Though a small farmer has to be at home under the sun, he also needs to know his way around an office, whether he’s working numbers in Excel sheets or coordinating schedules for delivery drivers.

“Farming is a very hard business,” Cooper said. “Not only do you have to know a lot about the science of growing stuff, you also need to be a very savvy businessperson.”

When it comes to small farming, it’s important to pick something to specialize in, such as growing organic, rather than conventional, crops. Cooper said the organic coffee producers in Mexico wouldn’t have been in business if they were growing conventional coffee.

“Conventional agriculture is extremely difficult to be a part of unless you’re a really large company,” Cooper said. Growing organic allows Cooper and his wife to not only do something they believe in but also something that makes good business sense.
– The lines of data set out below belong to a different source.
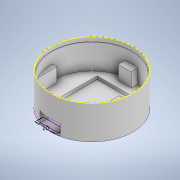
# Autodesk Inventor part: t1
Saved by Autodesk Inventor 2022.2 (Build 262287000, 287)
## iProperties
Created: 2022-04-05
Part Number: t1
Material: Generic
Document SubType Name: Modeling
Designer: 21towe
Density: 1 g/cm^3
Appearance: Default
Author: 21towe
Autodesk Inventor part; units mm, degrees
ref_plane "YZ Plane" through (0, 0, 0) normal (1, 0, 0) x (0, 1, 0)
ref_plane "XZ Plane" through (0, 0, 0) normal (0, 1, 0) x (-1, 0, 0)
ref_plane "XY Plane" through (0, 0, 0) normal (0, 0, 1) x (1, 0, 0)
sketch "Sketch1" plane through (0, 0, 0) normal (0, 1, 0) x (-1, 0, 0)
  circle A0 centre (0, 0) radius 18.75
  circle A1 centre (0, 0) radius 19.25
  dimension "d0" = 37.5
  dimension "d1" = 38.5
  constraints: 2 centre point, 2 coincident
  measures "d0" diameter of A0
  measures "d1" diameter of A1
extrude "Extrusion1" add sketch "Sketch1" along normal blind 0.5 contours A0 | A1
sketch "Sketch2" plane through (0, 0.5, 0) normal (0, 1, 0) x (1, 0, 0)
  line L0 (-10, -12.5) -> (8.5, -12.5)
  line L1 (10, -11) -> (10, 12.5)
  line L2 (10, 12.5) -> (-10, 12.5)
  line L3 (-10, 12.5) -> (-10, -12.5)
  line L4 (-10, -12.5) -> (10, 12.5) construction
  line L5 (10, -12.5) -> (-10, 12.5) construction
  line L6 (8.5, -12.5) -> (8.5, -14)
  line L7 (8.5, -14) -> (11.5, -14)
  line L8 (11.5, -14) -> (11.5, -11)
  line L9 (11.5, -11) -> (8.5, -14) construction
  line L10 (8.5, -11) -> (11.5, -14) construction
  line L11 (11.5, -11) -> (10, -11)
  line L12 (8.8, -11) -> (8.5, -11)
  circle A0 centre (0, 0) radius 19.25
  dimension "d4" = 20
  dimension "d5" = 25
  dimension "d6" = 3
  dimension "d7" = 3
  constraints: 26 end point, 5 parallel, 4 midpoint, 3 horizontal, 3 perpendicular, 1 centre point, 1 coincident, 1 point on line
  measures "d4" distance of L2.end L1.end
  measures "d5" distance of L1.end L5.start
  measures "d6" distance of L7.end L6.end
  measures "d7" distance of L6.end L10.start
extrude "Extrusion2" add sketch "Sketch2" along normal blind 3.25
sketch "Sketch3" plane through (0, 3.75, 0) normal (0, 1, 0) x (1, 0, 0)
  circle A0 centre (0, 0) radius 19.25
  circle A1 centre (0, 0) radius 19.25 projected
  line L0 (0, 16.25) -> (-3, 16.25)
  line L1 (-3, 16.25) -> (-3, 18.2551)
  line L2 (0, 16.25) -> (3, 16.25)
  line L3 (3, 16.25) -> (3, 18.2551)
  circle A2 centre (0, 0) radius 19.25 projected
  line L4 (18.5, 0) -> (12.5, 0)
  line L5 (12.5, 0) -> (12.5, 2.75)
  line L6 (12.5, 2.75) -> (12.5, -2.75)
  line L7 (12.5, -2.75) -> (10, -2.75)
  line L8 (10, 12.5) -> (10, -11) projected
  line L9 (10, -2.75) -> (10, 2.75)
  line L10 (10, 2.75) -> (12.5, 2.75)
  line L11 (-6, -17.5) -> (-6, -12.5)
  line L12 (8.5, -12.5) -> (-10, -12.5) projected
  line L13 (-6, -12.5) -> (-13.6382, -12.5)
  line L14 (-18.5, 0) -> (-16.5, 0)
  line L15 (-16.5, 0) -> (-16.5, -8.3666)
  line L16 (3, 18.2551) -> (3, 15.4901)
  line L17 (3, 15.4901) -> (-3, 15.4901)
  line L18 (-3, 15.4901) -> (-3, 16.25)
  circle A3 centre (0, 0) radius 18.75
  line L19 (-3, 18.2551) -> (-3, 18.5084)
  line L20 (3, 18.2551) -> (3, 18.5084)
  line L21 (-18.5, 0) -> (-18.75, 0)
  line L22 (-16.5, -8.3666) -> (-16.5, -8.9058)
  line L23 (-6, -17.5) -> (-6, -17.7641)
  line L24 (-13.6382, -12.5) -> (-13.9754, -12.5)
  dimension "d20" = 6
  dimension "d21" = 2.75
  dimension "d22" = 5.5
  dimension "d23" = 2
  dimension "d24" = 2.765
  dimension "d25" = 37.5
  constraints: 46 end point, 9 perpendicular, 7 point on line, 6 point on circle, 4 vertical, 2 centre point, 1 coincident, 1 horizontal, 1 parallel, 1 other
  measures "d20" distance of L4.start L4.end
  measures "d21" distance of L4.end L5.end
  measures "d22" distance of L5.end L6.end
  measures "d23" distance of L14.start L14.end
  measures "d24" distance of L3.end L16.end
  measures "d25" diameter of A3
extrude "Extrusion3" cut sketch "Sketch3" against normal blind 1.75 contours L18 L17 L16 L3 L20 A3 L23 L11 L12 L13 L24 L22 L15 L14 L21 L19 L1
extrude "Extrusion4" add sketch "Sketch3" along normal blind 5 contours A0 | L2 L16 L17 L18 L0 | L0 L1 L19 A3 L20 L3 L2 | L21 L14 L15 L22 A3 | A3 L24 L13 L12 L11 L23 | L6 L7 L8 L10 L5
sketch "Sketch4" plane through (0, 8.75, 0) normal (0, 1, 0) x (1, 0, 0)
  circle A0 centre (0, 0) radius 19.25
  circle A1 centre (0, 0) radius 18.75
  constraints: 2 centre point, 2 coincident
extrude "Extrusion5" add sketch "Sketch4" along normal blind 5
sketch "Sketch5" plane through (0, 13.75, 0) normal (0, 1, 0) x (1, 0, 0)
  circle A0 centre (0, 0) radius 19
  circle A1 centre (0, 0) radius 19.25
  dimension "d32" = 38
  constraints: 2 centre point, 2 coincident
  measures "d32" diameter of A0
extrude "Extrusion6" add sketch "Sketch5" along normal blind 2
sketch "Sketch6" plane through (0, 15.75, 0) normal (0, 1, 0) x (1, 0, 0)
  circle A0 centre (0, 0) radius 19.25 projected
  circle A1 centre (0, 0) radius 19 projected
  line L0 (0, -19.25) -> (-0.1562, -19.25)
  line L1 (-0.1562, -19.25) -> (-0.1562, -18.8969)
  line L2 (-0.1562, -18.8969) -> (0, -18.8969)
  line L3 (0, -18.8969) -> (0, -19.25)
  point P0 (0, -19)
  point P1 (-0.1562, -18.9994)
  point P2 (-0.1562, -19.2494)
  constraints: 8 end point, 2 parallel, 1 horizontal, 1 perpendicular, 2 other
extrude "Extrusion7" add sketch "Sketch6" along normal blind 1 contours L1 A1 L3 A0 picked at (-0.1388, -19.083)
sketch "Sketch7" plane through (0, 15.75, 19.25) normal (1, 0, 0) x (0, 0, -1)
  line L0 (0.25, 0) -> (0, 0) projected
  line L1 (0, 0) -> (0.125, 0)
  circle A0 centre (0.125, 0) radius 0.125
  line L2 (0.125, 0) -> (0.25, 0)
  point P0 (19.25, -15.75)
  dimension "d37" = 0.125
  constraints: 4 end point, 1 coincident, 1 horizontal, 1 midpoint, 3 other
  measures "d37" distance of L0.end L1.end
extrude "Extrusion8" cut sketch "Sketch6" along normal blind 1 contours L1 A1 L3 A0 | L1 L2 L3 A1 picked at (-0.1388, -19.083) picked at (-0.0868, -18.9312)
sketch3d "3D Sketch1"
  arc A0 (0, 15.75, 19) -> (-19, 15.75, 0) centre (0, 15.75, 0) ccw
  arc A1 (-19, 15.75, 0) -> (0, 15.75, -19) centre (0, 15.75, 0) ccw
  arc A2 (0, 15.75, -19) -> (19, 15.75, 0) centre (0, 15.75, 0) ccw
  arc A3 (19, 15.75, 0) -> (0, 15.75, 19) centre (0, 15.75, 0) ccw
sweep "Sweep1" add profiles "Sketch7" path "3D Sketch1" picked at (0.0448, 0.0159) contours L0 A0
sketch "Sketch8" plane through (0, 2, 0) normal (0, 1, 0) x (1, 0, 0)
  line L0 (-6, -17.7641) -> (-6, -12.5) projected
  line L1 (-6, -16.8786) -> (4, -16.8786)
  line L2 (4, -16.8786) -> (4, -19.7767)
  line L3 (4, -19.7767) -> (-6, -19.7767)
  line L4 (-6, -19.7767) -> (-6, -16.8786)
  point P0 (0, 0)
  dimension "d42" = 10
  constraints: 8 end point, 2 parallel, 1 horizontal, 1 perpendicular, 1 point on line
  measures "d42" distance of L2.end L3.end
extrude "Extrusion9" cut sketch "Sketch8" against normal blind 1.75
extrude "Extrusion10" cut sketch "Sketch8" along normal blind 3.25
sketch "Sketch9" plane through (-6, 2, 12.5) normal (1, 0, 0) x (0, 0, -1)
  point P0 (12.5, -2)
sketch "Sketch10" plane through (0, 2, 0) normal (0, 1, 0) x (1, 0, 0)
  line L0 (-6, -16.8786) -> (4, -16.8786) projected
  line L1 (-6, -12.5) -> (8.5, -12.5) projected
  line L2 (-6, -16.8786) -> (4.0086, -16.8786)
  line L3 (4.0086, -16.8786) -> (4.0086, -12.5)
  line L4 (4.0086, -12.5) -> (-6, -12.5)
  line L5 (-6, -12.5) -> (-6, -16.8786)
  point P0 (0, 0)
  constraints: 8 end point, 2 parallel, 1 horizontal, 1 perpendicular, 1 point on line
extrude "Extrusion11" cut sketch "Sketch10" against normal blind 1.75
body "Solid1"

Business at Woodland Gardens involves providing produce for over 20 restaurants in Atlanta and Athens, including Five and Ten, the National, and Athens Country Club.  It also means selling vegetables at a farmer’s market and to around 80 individual customers who sign up to buy weekly boxes of seasonal vegetables and fruits, such as blueberries and heirloom tomatoes.

Agrarian legacy

Hugh Acheson started purchasing vegetables from Woodland Gardens for his restaurant Five and Ten around 12 years ago, even before Barss and Cooper started managing the farm. Only six miles from the restaurant, Acheson says small farms like Woodland Gardens continue the legacy of farming in the South.

“I’m going to support people who grow impeccable vegetables down the street because I can and because I want to, “Acheson said. “And because they’re my clients at the restaurant, and I’m their client the other way around.”